Exercise brief: For the entries that follow, restate word for word the line containing "#82=ORIENTED_EDGE('',*,*,#81,.T.);", the line containing "#87=DIRECTION('',(0.,-1.,0.));", and every line that lies between them.
- - -
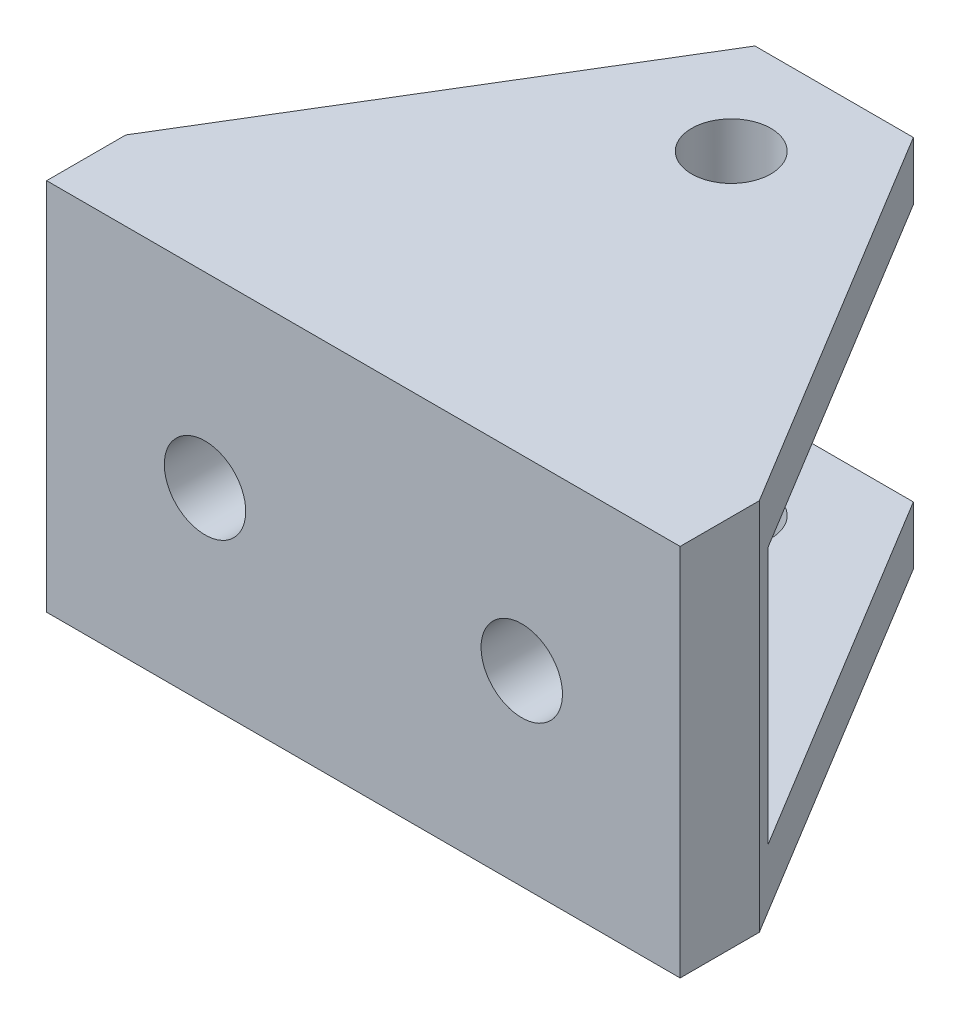
ISO-10303-21;
HEADER;
FILE_DESCRIPTION(('STEP AP214'),'2;1');
FILE_NAME('part.step','',(''),(''),'','','');
FILE_SCHEMA(('AUTOMOTIVE_DESIGN { 1 0 10303 214 1 1 1 1 }'));
ENDSEC;
DATA;
#1=APPLICATION_CONTEXT('core data for automotive mechanical design processes');
#2=APPLICATION_PROTOCOL_DEFINITION('international standard','automotive_design',2000,#1);
#3=PRODUCT_CONTEXT('',#1,'mechanical');
#4=PRODUCT('Part','Part','',(#3));
#5=PRODUCT_RELATED_PRODUCT_CATEGORY('part','',(#4));
#6=PRODUCT_DEFINITION_FORMATION('','',#4);
#7=PRODUCT_DEFINITION_CONTEXT('part definition',#1,'design');
#8=PRODUCT_DEFINITION('design','',#6,#7);
#9=PRODUCT_DEFINITION_SHAPE('','',#8);
#10=(LENGTH_UNIT() NAMED_UNIT(*) SI_UNIT(.MILLI.,.METRE.));
#11=(NAMED_UNIT(*) PLANE_ANGLE_UNIT() SI_UNIT($,.RADIAN.));
#12=(NAMED_UNIT(*) SI_UNIT($,.STERADIAN.) SOLID_ANGLE_UNIT());
#13=UNCERTAINTY_MEASURE_WITH_UNIT(LENGTH_MEASURE(1.E-05),#10,'distance_accuracy_value','');
#14=(GEOMETRIC_REPRESENTATION_CONTEXT(3) GLOBAL_UNCERTAINTY_ASSIGNED_CONTEXT((#13)) GLOBAL_UNIT_ASSIGNED_CONTEXT((#10,
#11,#12)) REPRESENTATION_CONTEXT('',''));
#15=CARTESIAN_POINT('',(0.,0.,0.));
#16=DIRECTION('',(0.,0.,1.));
#17=DIRECTION('',(1.,0.,0.));
#18=AXIS2_PLACEMENT_3D('',#15,#16,#17);
#19=CARTESIAN_POINT('',(50.8,0.,-39.8563150306832));
#20=DIRECTION('',(0.,1.,0.));
#21=DIRECTION('',(0.,0.,1.));
#22=AXIS2_PLACEMENT_3D('',#19,#20,#21);
#23=PLANE('',#22);
#24=CARTESIAN_POINT('',(25.4,0.,-29.4977893685772));
#25=DIRECTION('',(0.,-1.,0.));
#26=DIRECTION('',(0.,0.,-1.));
#27=AXIS2_PLACEMENT_3D('',#24,#25,#26);
#28=CIRCLE('',#27,3.175);
#29=CARTESIAN_POINT('',(25.4,0.,-32.6727893685772));
#30=VERTEX_POINT('',#29);
#31=EDGE_CURVE('E269',#30,#30,#28,.T.);
#32=ORIENTED_EDGE('',*,*,#31,.F.);
#33=EDGE_LOOP('',(#32));
#34=FACE_BOUND('',#33,.T.);
#35=DIRECTION('',(0.,0.,-1.));
#36=VECTOR('',#35,1.);
#37=CARTESIAN_POINT('',(0.,0.,-39.8563150306832));
#38=LINE('',#37,#36);
#39=CARTESIAN_POINT('',(0.,0.,0.));
#40=VERTEX_POINT('',#39);
#41=CARTESIAN_POINT('',(0.,0.,-6.35));
#42=VERTEX_POINT('',#41);
#43=EDGE_CURVE('E149',#40,#42,#38,.T.);
#44=ORIENTED_EDGE('',*,*,#43,.T.);
#45=DIRECTION('',(-0.518660220005768,0.,0.854980453685094));
#46=VECTOR('',#45,1.);
#47=CARTESIAN_POINT('',(0.,0.,-6.35));
#48=LINE('',#47,#46);
#49=CARTESIAN_POINT('',(19.05,0.,-37.7527893685772));
#50=VERTEX_POINT('',#49);
#51=EDGE_CURVE('E70',#50,#42,#48,.T.);
#52=ORIENTED_EDGE('',*,*,#51,.F.);
#53=DIRECTION('',(-1.,0.,0.));
#54=VECTOR('',#53,1.);
#55=CARTESIAN_POINT('',(19.05,0.,-37.7527893685772));
#56=LINE('',#55,#54);
#57=CARTESIAN_POINT('',(31.75,0.,-37.7527893685772));
#58=VERTEX_POINT('',#57);
#59=EDGE_CURVE('E266',#58,#50,#56,.T.);
#60=ORIENTED_EDGE('',*,*,#59,.F.);
#61=DIRECTION('',(-0.518660220005768,0.,-0.854980453685094));
#62=VECTOR('',#61,1.);
#63=CARTESIAN_POINT('',(50.8,0.,-6.35));
#64=LINE('',#63,#62);
#65=CARTESIAN_POINT('',(50.8,0.,-6.35));
#66=VERTEX_POINT('',#65);
#67=EDGE_CURVE('E264',#66,#58,#64,.T.);
#68=ORIENTED_EDGE('',*,*,#67,.F.);
#69=DIRECTION('',(0.,0.,-1.));
#70=VECTOR('',#69,1.);
#71=CARTESIAN_POINT('',(50.8,0.,-39.8563150306832));
#72=LINE('',#71,#70);
#73=CARTESIAN_POINT('',(50.8,0.,0.));
#74=VERTEX_POINT('',#73);
#75=EDGE_CURVE('E153',#74,#66,#72,.T.);
#76=ORIENTED_EDGE('',*,*,#75,.F.);
#77=DIRECTION('',(-1.,0.,0.));
#78=VECTOR('',#77,1.);
#79=CARTESIAN_POINT('',(50.8,0.,0.));
#80=LINE('',#79,#78);
#81=EDGE_CURVE('E159',#74,#40,#80,.T.);
#82=ORIENTED_EDGE('',*,*,#81,.T.);
#83=EDGE_LOOP('',(#44,#52,#60,#68,#76,#82));
#84=FACE_BOUND('',#83,.T.);
#85=ADVANCED_FACE('F47',(#34,#84),#23,.F.);
#86=CARTESIAN_POINT('',(50.8,4.6609,-8.10631503068315));
#87=DIRECTION('',(0.,-1.,0.));
#88=DIRECTION('',(0.,0.,-1.));
#89=AXIS2_PLACEMENT_3D('',#86,#87,#88);
#90=PLANE('',#89);
#91=CARTESIAN_POINT('',(25.4,4.6609,-29.4977893685772));
#92=DIRECTION('',(0.,-1.,0.));
#93=DIRECTION('',(0.,0.,-1.));
#94=AXIS2_PLACEMENT_3D('',#91,#92,#93);
#95=CIRCLE('',#94,3.175);
#96=CARTESIAN_POINT('',(25.4,4.6609,-32.6727893685772));
#97=VERTEX_POINT('',#96);
#98=EDGE_CURVE('E203',#97,#97,#95,.T.);
#99=ORIENTED_EDGE('',*,*,#98,.T.);
#100=EDGE_LOOP('',(#99));
#101=FACE_BOUND('',#100,.T.);
#102=DIRECTION('',(-1.,0.,0.));
#103=VECTOR('',#102,1.);
#104=CARTESIAN_POINT('',(50.8,4.6609,-37.7527893685772));
#105=LINE('',#104,#103);
#106=CARTESIAN_POINT('',(31.75,4.6609,-37.7527893685772));
#107=VERTEX_POINT('',#106);
#108=CARTESIAN_POINT('',(19.05,4.6609,-37.7527893685772));
#109=VERTEX_POINT('',#108);
#110=EDGE_CURVE('E210',#107,#109,#105,.T.);
#111=ORIENTED_EDGE('',*,*,#110,.T.);
#112=DIRECTION('',(-0.518660220005768,0.,0.854980453685094));
#113=VECTOR('',#112,1.);
#114=CARTESIAN_POINT('',(14.4444559074182,4.6609,-30.1608244831682));
#115=LINE('',#114,#113);
#116=CARTESIAN_POINT('',(1.0654404276581,4.66090000000001,-8.10631503068315));
#117=VERTEX_POINT('',#116);
#118=EDGE_CURVE('E182',#109,#117,#115,.T.);
#119=ORIENTED_EDGE('',*,*,#118,.T.);
#120=DIRECTION('',(-1.,0.,0.));
#121=VECTOR('',#120,1.);
#122=CARTESIAN_POINT('',(50.8,4.6609,-8.10631503068315));
#123=LINE('',#122,#121);
#124=CARTESIAN_POINT('',(49.7345595723419,4.6609,-8.10631503068315));
#125=VERTEX_POINT('',#124);
#126=EDGE_CURVE('E11',#125,#117,#123,.T.);
#127=ORIENTED_EDGE('',*,*,#126,.F.);
#128=DIRECTION('',(-0.518660220005768,0.,-0.854980453685094));
#129=VECTOR('',#128,1.);
#130=CARTESIAN_POINT('',(50.0211720224565,4.6609,-7.63385149255397));
#131=LINE('',#130,#129);
#132=EDGE_CURVE('E195',#125,#107,#131,.T.);
#133=ORIENTED_EDGE('',*,*,#132,.T.);
#134=EDGE_LOOP('',(#111,#119,#127,#133));
#135=FACE_BOUND('',#134,.T.);
#136=ADVANCED_FACE('F300',(#101,#135),#90,.F.);
#137=CARTESIAN_POINT('',(50.8,25.3111,-8.10631503068315));
#138=DIRECTION('',(0.,0.,1.));
#139=DIRECTION('',(0.,-1.,0.));
#140=AXIS2_PLACEMENT_3D('',#137,#138,#139);
#141=PLANE('',#140);
#142=CARTESIAN_POINT('',(38.1,14.986,-8.10631503068315));
#143=DIRECTION('',(0.,0.,-1.));
#144=DIRECTION('',(0.,1.,0.));
#145=AXIS2_PLACEMENT_3D('',#142,#143,#144);
#146=CIRCLE('',#145,7.14374999999999);
#147=CARTESIAN_POINT('',(38.1,22.12975,-8.10631503068315));
#148=VERTEX_POINT('',#147);
#149=EDGE_CURVE('E214',#148,#148,#146,.T.);
#150=ORIENTED_EDGE('',*,*,#149,.F.);
#151=EDGE_LOOP('',(#150));
#152=FACE_BOUND('',#151,.T.);
#153=CARTESIAN_POINT('',(12.7,14.986,-8.10631503068315));
#154=DIRECTION('',(0.,0.,-1.));
#155=DIRECTION('',(0.,1.,0.));
#156=AXIS2_PLACEMENT_3D('',#153,#154,#155);
#157=CIRCLE('',#156,7.14374999999999);
#158=CARTESIAN_POINT('',(12.7,22.12975,-8.10631503068315));
#159=VERTEX_POINT('',#158);
#160=EDGE_CURVE('E230',#159,#159,#157,.T.);
#161=ORIENTED_EDGE('',*,*,#160,.F.);
#162=EDGE_LOOP('',(#161));
#163=FACE_BOUND('',#162,.T.);
#164=ORIENTED_EDGE('',*,*,#126,.T.);
#165=DIRECTION('',(0.,1.,0.));
#166=VECTOR('',#165,1.);
#167=CARTESIAN_POINT('',(1.0654404276581,25.3111,-8.10631503068315));
#168=LINE('',#167,#166);
#169=CARTESIAN_POINT('',(1.06544042765809,25.3111,-8.10631503068315));
#170=VERTEX_POINT('',#169);
#171=EDGE_CURVE('E179',#117,#170,#168,.T.);
#172=ORIENTED_EDGE('',*,*,#171,.T.);
#173=DIRECTION('',(-1.,0.,0.));
#174=VECTOR('',#173,1.);
#175=CARTESIAN_POINT('',(50.8,25.3111,-8.10631503068315));
#176=LINE('',#175,#174);
#177=CARTESIAN_POINT('',(49.7345595723419,25.3111,-8.10631503068315));
#178=VERTEX_POINT('',#177);
#179=EDGE_CURVE('E55',#178,#170,#176,.T.);
#180=ORIENTED_EDGE('',*,*,#179,.F.);
#181=DIRECTION('',(0.,-1.,0.));
#182=VECTOR('',#181,1.);
#183=CARTESIAN_POINT('',(49.7345595723419,25.3111,-8.10631503068315));
#184=LINE('',#183,#182);
#185=EDGE_CURVE('E62',#178,#125,#184,.T.);
#186=ORIENTED_EDGE('',*,*,#185,.T.);
#187=EDGE_LOOP('',(#164,#172,#180,#186));
#188=FACE_BOUND('',#187,.T.);
#189=ADVANCED_FACE('F177',(#152,#163,#188),#141,.F.);
#190=CARTESIAN_POINT('',(50.8,25.3111,-39.8563150306832));
#191=DIRECTION('',(0.,1.,0.));
#192=DIRECTION('',(0.,0.,1.));
#193=AXIS2_PLACEMENT_3D('',#190,#191,#192);
#194=PLANE('',#193);
#195=CARTESIAN_POINT('',(25.4,25.3111,-29.4977893685772));
#196=DIRECTION('',(0.,1.,0.));
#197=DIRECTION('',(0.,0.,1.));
- - -
Task response:
#82=ORIENTED_EDGE('',*,*,#81,.T.);
#83=EDGE_LOOP('',(#44,#52,#60,#68,#76,#82));
#84=FACE_BOUND('',#83,.T.);
#85=ADVANCED_FACE('F47',(#34,#84),#23,.F.);
#86=CARTESIAN_POINT('',(50.8,4.6609,-8.10631503068315));
#87=DIRECTION('',(0.,-1.,0.));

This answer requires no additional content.